The matrix above, then, according to its eigenvalue decomposition, scales in a direction 31.7° counterclockwise from three o’clock (the x-axis). This is a touch before 2 p.m. on the clockface as is confirmed by Figure 6.14.

We can also reverse the diagonalization process; to scale by (λ1, λ2) with the first scaling direction an angle ϕ clockwise from the x-axis, we have

$\left[\begin{array}{rr}\hfill \text{cos}\varphi & \hfill \sin \varphi \\ \hfill -\sin \varphi & \hfill \cos \varphi \end{array}\right]\left[\begin{array}{rr}\hfill {\text{λ}}_{\text{1}}& \hfill \text{0}\\ \hfill \text{0}& \hfill {\text{λ}}_{\text{2}}\end{array}\right]\left[\begin{array}{rr}\hfill \text{cos}\varphi & \hfill -\sin \varphi \\ \hfill \sin \varphi & \hfill \cos \varphi \end{array}\right]=\left[\begin{array}{ll}{\text{λ}}_{\text{1}}{\text{cos}}^{\text{2}}\varphi +{\text{λ}}_{\text{2}}{\text{sin}}^{\text{2}}\varphi \hfill & \left({\text{λ}}_{\text{2}}-{\text{λ}}_{\text{1}}\right)\cos \varphi \sin \varphi \hfill \\ \left({\text{λ}}_{\text{2}}-{\text{λ}}_{\text{1}}\right)\cos \varphi \sin \varphi \hfill & {\text{λ}}_{\text{2}}{\text{cos}}^{\text{2}}\varphi +{\text{λ}}_{\text{1}}{\text{sin}}^{\text{2}}\varphi \hfill \end{array}\right].$

We should take heart that this is a symmetric matrix as we know must be true since we constructed it from a symmetric eigenvalue decomposition.
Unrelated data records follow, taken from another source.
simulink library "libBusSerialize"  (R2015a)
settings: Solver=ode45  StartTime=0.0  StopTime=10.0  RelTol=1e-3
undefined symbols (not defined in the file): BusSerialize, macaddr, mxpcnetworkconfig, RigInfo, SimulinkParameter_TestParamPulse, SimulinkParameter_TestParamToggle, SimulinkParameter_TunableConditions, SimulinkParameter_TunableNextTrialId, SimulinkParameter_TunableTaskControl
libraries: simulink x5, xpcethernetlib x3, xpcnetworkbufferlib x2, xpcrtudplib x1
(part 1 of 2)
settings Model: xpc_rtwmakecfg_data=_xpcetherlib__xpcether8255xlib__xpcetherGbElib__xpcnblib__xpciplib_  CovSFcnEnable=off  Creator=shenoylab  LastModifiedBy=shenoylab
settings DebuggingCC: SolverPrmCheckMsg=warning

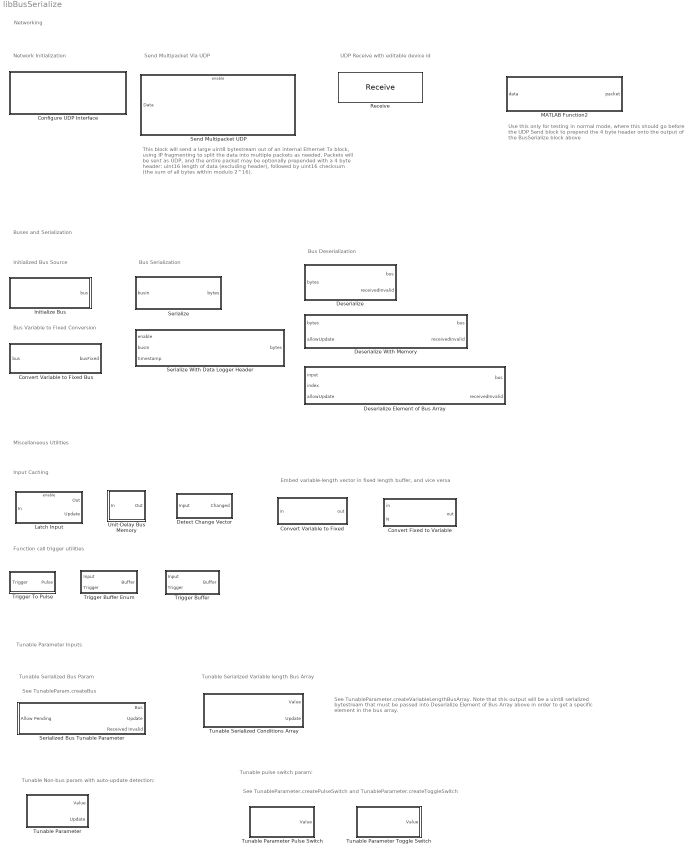
== system libBusSerialize ==
  note: See TunableParameter.createPulseSwitch and TunableParameter.createToggleSwitch
  note: See TunableParam.createBus
  note: See TunableParameter.createVariableLengthBusArray.
      | Note that this output will be a uint8 serialized bytestream that must
      | be passed into Deserialize Element of Bus Array above in order to get a
      | specific element in the bus array.
  note: Use this only for testing in normal mode,
      | where this should go before the UDP Send block
      | to prepend the 4 byte header onto the output of
      | the BusSerialize block above
  note: This block will send a large uint8 bytestream out of an
      | internal Ethernet Tx block, using IP fragmenting to split
      | the data into multiple packets as needed. Packets will be
      | sent as UDP, and the entire packet may be optionally
      | prepended with a 4 byte header: uint16 length of data
      | (excluding header), followed by uint16 checksum (the
      | sum of all bytes within modulo 2^16).
  note: Send Multipacket Via UDP
  note: Bus Serialization
  note: Bus Deserialization
  note: Bus Variable to Fixed Conversion
  note: Input Caching
  note: Function call trigger utilities
  note: Embed variable-length vector in fixed length buffer, and vice versa
  note: Initialized Bus Source
  note: Tunable Non-bus param with auto-update detection:
  note: Tunable pulse switch param:
  note: Tunable Serialized Bus Param
  note: Tunable Serialized Variable length Bus Array
  note: Network Initialization
  note: Networking
  note: Buses and Serialization
  note: Miscellaneous Utilities
  note: Tunable Parameter Inputs
  note: UDP Receive with editable device id
  Configure UDP Interface : Subsystem  InitFcn=mxpcnetworkconfig(1);  mask(xpcnwconfig){PoolSizes=[8196 512 4096 65535], ID=RigInfo.network.hapticVLAN.ethernetId, udpID=0, IpAddress=RigInfo.network.hapticVLAN.sourceIP, SubnetMask=255.255.255.0, Gateway=0.0.0.0, EthDrv=Intel 8255x, PciBus=RigInfo.network.hapticVLAN.pciBus, PciSlot=RigInfo.network.hapticVLAN.pciSlot}
      mask prompts: PoolSizes "Buffer pool sizes (256, 512, 1024, 2048):"; ID "Device ID:"; udpID "Internal UDP ID:"; IpAddress "IP Address:"; SubnetMask "Subnet Mask:"; EthDrv "Ethernet Driver:"; PciBus "PCI Bus:"; PciSlot "PCI Slot:"
      mask help: Configure network interface for real-time UDP communication
      mask init:
      | IpAddress = ipaddr(IpAddress);
      | SubnetMask = ipaddr(SubnetMask);
      | Gateway = ipaddr(Gateway);
      | set_param([gcb '/Ethernet Init '], 'ID', num2str(ID)); % update internal ID, we don't use promotion so the field can be text rather than popup
      | udpID = ID - 1;
      | [MaskDisplay] = mxpcnetworkconfig(2, ID, EthDrv, PciBus, PciSlot);
      | % set_param(gcb, 'MaskDisplay', MaskDisplay);
      mask Help: eval('xpcdoc(''RT_NETWORK_CONFIGURATION'')');
      mask TypeOptions PoolSizes: Buffer Mngmt /PoolSizes
      mask TypeOptions EthDrv: Ethernet Init /Driver
      mask Display:
      | try
      |     ipStr = BusSerialize.ipStringFromAddress(IpAddress);
      |     disp(sprintf('Real-time UDP\nConfiguration\nPCI Bus: %d Slot: %d\nDevice ID: %d\nIP Address: %s', PciBus, PciSlot, ID, ipStr));
      | catch
      |     disp('Real-time UDP\nConfiguration');
      | end
  Convert Fixed to Variable : MATLAB Function  TreatAsAtomicUnit=on  mask(Converts Variable-size to fixed-size array){bufferSize=1500}
      mask prompts: bufferSize "Buffer Size"
      mask help: Specify maximum input size.
  Convert Variable to Fixed : MATLAB Function  TreatAsAtomicUnit=on  mask(Converts Variable-size to fixed-size array){bufferSize=1000}
      mask prompts: bufferSize "Buffer Size"
      mask help: Specify maximum input size.
  Convert Variable to Fixed Bus : MATLAB Function  TreatAsAtomicUnit=on  mask(Drop Variable Length Signals From Bus){busType=Bus: TestBus, busFixedType=Bus: TestBusFixed}
      mask prompts: busType "Bus Type (Input):"; busFixedType "Bus Type (Output):"
      mask help:
      | This block takes as input a bus with some variable length signals, drops all variable length signals from the bus and outputs a bus with the specified type (second drop-down). This is accomplished by calling the appropriate model packaged code function for this bus.
      |
      | See BusSerialize.createBusBaseWorkspaceWithFixedSizeSignalsOnly and BusSerialize.writeDropVariableLengthSignalsFromBusModelPackagedCode.
      mask init:
      | BusSerialize.maskDropVariableLengthSignalsFromBusBlockUpdate(gcb)
  Deserialize : MATLAB Function  TreatAsAtomicUnit=on  mask(BusSerialize: deserialize block){busType=Bus: TestBus}
      mask prompts: busType "Bus Type"
      mask help: Select the bus type below to deserialize into.
      mask init:
      | BusSerialize.maskDeserializeBlockUpdate(gcb)
  Deserialize Element of Bus Array : MATLAB Function  TreatAsAtomicUnit=on  mask(BusSerialize: deserialize a single element of a serialized bus array){busType=Bus: TestBus, inputVariable=off}
      mask prompts: busType "Bus Type:"; inputVariable "Input Variable Length"
      mask help:
      | Given a bus array serialized with BusSerialize.serializeVariableLengthBusArray, this block deserializes a specific element of that bus array. This allows bus arrays to be deserialized even when the bus contains variable length elements (or the array is of variable length), which implies that Simulink cannot currently handle the bus array.
      |
      | Select the bus type below to deserialize into.
      mask init:
      | BusSerialize.maskDeserializeVariableLengthBusArrayBlockUpdate(gcb)
  Deserialize With Memory : MATLAB Function  TreatAsAtomicUnit=on  mask(Deserialize Bus With Internal Memory){busType=Bus: TestBus}
      mask prompts: busType "Bus Type:"
      mask help:
      | This block deserializes a uint8 bytestream into a specific bus type. When the input changes, the block will deserialize the new input, and the deserialization is successful, it will internally store the updated bus.
      |
      | If allowUpdate is high at that point, the new bus value will be output immediately and update will be driven high. If not, pendingUpdate will be driven high, and the updated bus will be held in an internal persistent variable. When allowUpdate goes high, this updated bus will be passed to the output, and update will be driven high.
      |
      | If an invalid serialized bus is received, receivedInvalid will be driven high, and the bus output will not change from its previously stored value. If the initial value sent to this block is invalid, a default initialized bus will be output with all zeros or empty bus elements.
      mask init:
      | BusSerialize.maskDeserializeMemoryBlockUpdate(gcb);
  Detect Change Vector : Subsystem
  Initialize Bus : MATLAB Function  TreatAsAtomicUnit=on  mask(Initialize Bus Block){busType=Bus: TestBus}
      mask prompts: busType "Bus Type:"
      mask help: This block simply wraps an initializeBus_BusName() function and is useful for debugging where bus inputs are required. It acts essentially like a ground source for bus types.
      mask init:
      | BusSerialize.maskInitializeBusBlockUpdate(gcb);
  Latch Input : Subsystem  TreatAsAtomicUnit=on
  MATLAB Function2 : MATLAB Function  TreatAsAtomicUnit=on
  "Receive " : xpcrtudplib/Receive   ID=1  Receive1=0.0.0.0  Receive2=Receive2  Receive3=Receive3  Receive4=Receive4  udpID=udpID  mask(rtudpreceive){maskID=1, sourceIP='0.0.0.0', Receive2=25000, Receive3=1500, Receive4=-1, udpID=0, ID=1}
      mask prompts: maskID "Device ID"; sourceIP "Source IP Address:"; Receive2 "Local (destination) port:"; Receive3 "Output port width:"; Receive4 "Sample time:"; udpID "Internal UDP ID:"; ID "Device ID:"
      mask help:
      | Receive data over UDP network.
      |
      | This block receives data on the specified local (destination) port. To receive all data sent to this port, set 'Source IP Address' to 0.0.0.0. To receive data sent to this port from a specific remote source, enter that IP address.
      mask init:
      | set(gcbh, 'ID', num2str(maskID));
      | set(gcbh, 'Receive1', sourceIP);
      mask TypeOptions Receive2: Receive2
      mask TypeOptions Receive3: Receive3
      mask TypeOptions Receive4: Receive4
      mask TypeOptions udpID: udpID
      mask TypeOptions ID: ID
      mask Display:
      | try
      |     disp(sprintf('UDP Receive\nDevice ID: %d\n%s : %d', maskID, sourceIP, Receive2));
      | catch
      |     disp('UDP Receive');
      | end
      | port_label('output', 1, 'Data');
      | port_label('output', 2, 'N');
  Send Multipacket UDP : Subsystem  mask(Send Multipacket UDP Block){transmitId=1, sourceIP=[192 168 1 1], sourcePort=20000, destIP=[192 168 1 255], destPort=25000, destMac='ff:ff:ff:ff:ff:ff', deviceID=1, prependHeader=on}
      mask prompts: transmitId "Transmit ID (must be unique):"; sourceIP "Source IP:"; sourcePort "Source Port:"; destIP "Destination IP:"; destPort "Destination Port:"; destMac "Destination MAC:"; deviceID "Ethernet Device ID:"; prependHeader "Prepend 4-byte Header (uint16 length, uint16 checksum)"
      mask help: Splits a UDP packet into multiple pieces to be reassembled at the receiver
      mask init:
      | set_param([gcb, '/Packet Iterator/Ethernet Tx '], 'ID', num2str(deviceID));
      mask Display:
      | disp(sprintf('UDP Send Multipacket\nDevice ID: %d (Transmit %d)\nFrom: %s : %d\nTo: %s : %d\nDest Mac: %s', ...
      |     deviceID, transmitId, ...
      |     BusSerialize.ipStringFromAddress(sourceIP), sourcePort, ...
      |     BusSerialize.ipStringFromAddress(destIP), destPort, destMac));
      | port_label('input', 1, 'uint8');
      | port_label('Enable','Enable')
  Serialize : MATLAB Function  TreatAsAtomicUnit=on  mask(BusSerialize: serialize block){busType=Bus: TestBus}
      mask prompts: busType "Bus Type"
      mask help: Select the bus type below to serialize.
      mask init:
      | BusSerialize.maskSerializeBlockUpdate(gcb)
  Serialize With Data Logger Header : MATLAB Function  TreatAsAtomicUnit=on  mask(BusSerialize: serialize block){busType=Bus: TestBus, groupType=Control, groupName='groupName'}
      mask prompts: busType "Bus Type"; groupType "Group Type"; groupName "Group Name"
      mask help: Select the bus type below to serialize.
      mask init:
      | BusSerialize.maskSerializeWithDataLoggerHeaderBlockUpdate(gcb)
  Serialized Bus Tunable Parameter : Subsystem  mask(BusSerialize Tunable Parameter Block){paramName='TunableTaskControl'}
      mask prompts: paramName "Parameter Name"
      mask help: This block provides the value of a tunable Simulink.Parameter into the model. Since tunable parameters with xPC target can only be doubles, the functions BusSerialize.createTunableParameter and BusSerialize.setTunableParameter automatically handle typecasting and update counter insertion, and this block handles update detection, typecasting, and reshaping back to the original form. Currently, variable size parameters are not supported.
      mask init:
      | BusSerialize.maskSerializedBusTunableParameterBlockUpdate(gcb);
      mask Display:
      | port_label('output', 1, paramName);
      | port_label('output', 2, 'Update');
      | port_label('output', 3, 'Received Invalid');
      | port_label('input', 1, 'Allow Pending');
  Trigger Buffer : Subsystem  mask(Trigger Buffer){bufferSize=100}
      mask prompts: bufferSize "Buffer Size (elements)"
      mask help: This block concatenates all inputs it receives via a function-call trigger, with the output reflecting the concatenated inputs recevied during each single tick.
  Trigger Buffer Enum : Subsystem  mask(Trigger Buffer){bufferSize=10, bufferType=Enum: TaskEvent}
      mask prompts: bufferSize "Buffer Size (elements)"; bufferType "Enum Type"
      mask help: This block concatenates all inputs it receives via a function-call trigger, with the output reflecting the concatenated inputs recevied during each single tick.
  Trigger To Pulse : Subsystem  mask(Trigger to Pulse){}
      mask help: This block converts a function-call trigger to a single-tick pulse signal which can be used as an Enable input.
  Tunable Parameter : Subsystem  mask(BusSerialize Tunable Parameter Block){paramName='TunableParam'}
      mask prompts: paramName "Parameter Name"
      mask help: This block provides the value of a tunable Simulink.Parameter into the model. Since tunable parameters with xPC target can only be doubles, the functions BusSerialize.createTunableParameter and BusSerialize.setTunableParameter automatically handle typecasting and update counter insertion, and this block handles update detection, typecasting, and reshaping back to the original form. Currently, variable size parameters are not supported.
      mask init:
      | BusSerialize.maskTunableParameterBlockUpdate(gcb);
      mask Display:
      | port_label('output', 1, paramName)
      | port_label('output', 2, 'Update');
  Tunable Parameter Pulse Switch : Subsystem  mask(BusSerialize Tunable Parameter Block){paramName='TestParamPulse'}
      mask prompts: paramName "Parameter Name"
      mask help: This block provides the value of a tunable Simulink.Parameter into the model. Since tunable parameters with xPC target can only be doubles, the functions BusSerialize.createTunableParameter and BusSerialize.setTunableParameter automatically handle typecasting and update counter insertion, and this block handles update detection, typecasting, and reshaping back to the original form. Currently, variable size parameters are not supported.
      mask init:
      | BusSerialize.maskTunableParameterPulseSwitchBlockUpdate(gcb);
      settings: OpenFcn=|
      | paramName = getBlockParamEval(gcb, 'paramName');
      | param = BusSerialize.getTunableParameterReferenceFromName(paramName);
      | param.activatePulseSwitch();
      | 
      | % turn the block green
      | setBlockParam(gcb, 'BackgroundColor', 'green');
      | 
      | % wait a bit
      | pause(0.05);
      | 
      | % and set it back to white
      | setBlockParam(gcb, 'BackgroundColor', 'lightBlue');
      mask Display: port_label('output', 1, paramName)
  Tunable Parameter Toggle Switch : Subsystem  InitFcn=|  mask(BusSerialize Tunable Parameter Block){paramName='TestParamToggle'}
      | if ~isBlockInLibrary(gcb)
      |     paramName = getBlockParamEval(gcb, 'paramName');
      |     param = BusSerialize.getTunableParameterReferenceFromName(paramName);
      |     value = param.value;
      | 
      |     if value
      |         % turn the block green
      |         setBlockParam(gcb, 'BackgroundColor', 'green');  
      |     else
      |         % keep it white
      |         setBlockParam(gcb, 'BackgroundColor', 'lightBlue');
      |     end
      | end
      mask prompts: paramName "Parameter Name"
      mask help:
      | This block provides the value of a tunable Simulink.Parameter into the model. Since tunable parameters with xPC target can only be doubles, the functions BusSerialize.createTunableParameter and BusSerialize.setTunableParameter automatically handle typecasting and update counter insertion, and this block handles update detection, typecasting, and reshaping back to the original form. Currently, variable size parameters are not supported.
      |
      | Use BusSerialize.TunableParameter.create(paramName) to create a parameter with this name.
      mask init:
      | BusSerialize.maskTunableParameterToggleSwitchBlockUpdate(gcb);
      settings: OpenFcn=|
      | if ~isBlockInLibrary(gcb)
      |     paramName = getBlockParamEval(gcb, 'paramName');
      |     param = BusSerialize.getTunableParameterReferenceFromName(paramName);
      |     value = param.toggleSwitch();
      | else
      |     value = uint8(0);
      | end
      | 
      | if value
      |     % turn the block green
      |     setBlockParam(gcb, 'BackgroundColor', 'green');
      | else
      |     % keep it white
      |     setBlockParam(gcb, 'BackgroundColor', 'lightBlue');
      | end
      mask Display: port_label('output', 1, paramName)
  Tunable Serialized Conditions Array : Subsystem  mask(BusSerialize Tunable Parameter Variable Length Bus Array Block){paramName='TunableConditions'}
      mask prompts: paramName "Parameter Name"
      mask help:
      | This block provides the value of a tunable Simulink.Parameter into the model. Since tunable parameters with xPC target can only be doubles, the functions BusSerialize.createTunableParameter and BusSerialize.setTunableParameter automatically handle typecasting and update counter insertion, and this block handles update detection, typecasting, and reshaping back to the original form. Currently, variable size parameters are not supported.
      |
      | This block specifically extracts a serialized variable length bus array, which can then be passed into the variable length bus array element extractor block.
      mask init:
      | BusSerialize.maskTunableParameterVariableLengthBusArrayBlockUpdate(gcb);
      mask Display:
      | port_label('output', 1, paramName)
      | port_label('output', 2, 'Update');
  Unit-Delay Bus Memory : Subsystem  mask(Bus Unit-Delay Memory Block){busType=Bus: RigOutputBus}
      mask prompts: busType "Bus Type:"
      mask help: This block acts exactly like a Memory block and can be used to break algebraic loops. However, unlike Memory blocks, it supports bus signals with variable length bus elements. Internally, this is done by serializing the bus, passing it through a Memory block, and then deserializing at the other end.
      mask init:
      | BusSerialize.maskBusMemoryBlockUpdate(gcb);
      mask Display:
      | text(.5, 0.2, 'Bus Memory', 'HorizontalAlignment', 'center');
      | x = [0.5 0.7 0.7 0.3 0.3 0.25 NaN 0.35 0.3];
      | y = [0.4 0.4 0.8 0.8 0.4 0.45 NaN 0.45 0.4];
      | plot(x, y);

Singular Value Decomposition

A very similar kind of decomposition can be done with nonsymmetric matrices as well: it’s the Singular Value Decomposition (SVD), also discussed in Section 5.4.1. The difference is that the matrices on either side of the diagonal matrix are no longer the same:

$A={\mathrm{USV}}^{\text{T}}$

The two orthogonal matrices that replace the single rotation R are called U and V, and their columns are called ui (the left singular vectors) and vi (the right singular vectors), respectively. In this context, the diagonal entries of S are called singular values rather than eigenvalues. The geometric interpretation is very similar to that of the symmetric eigenvalue decomposition (Figure 6.15):

1. Rotate v1 and v2 to the x- and y-axes (the transform by VT).
2. Scale in x and y by (σ1, σ2) (the transform by S).
3. Rotate the x- and y-axes to u1 and u2 (the transform by U).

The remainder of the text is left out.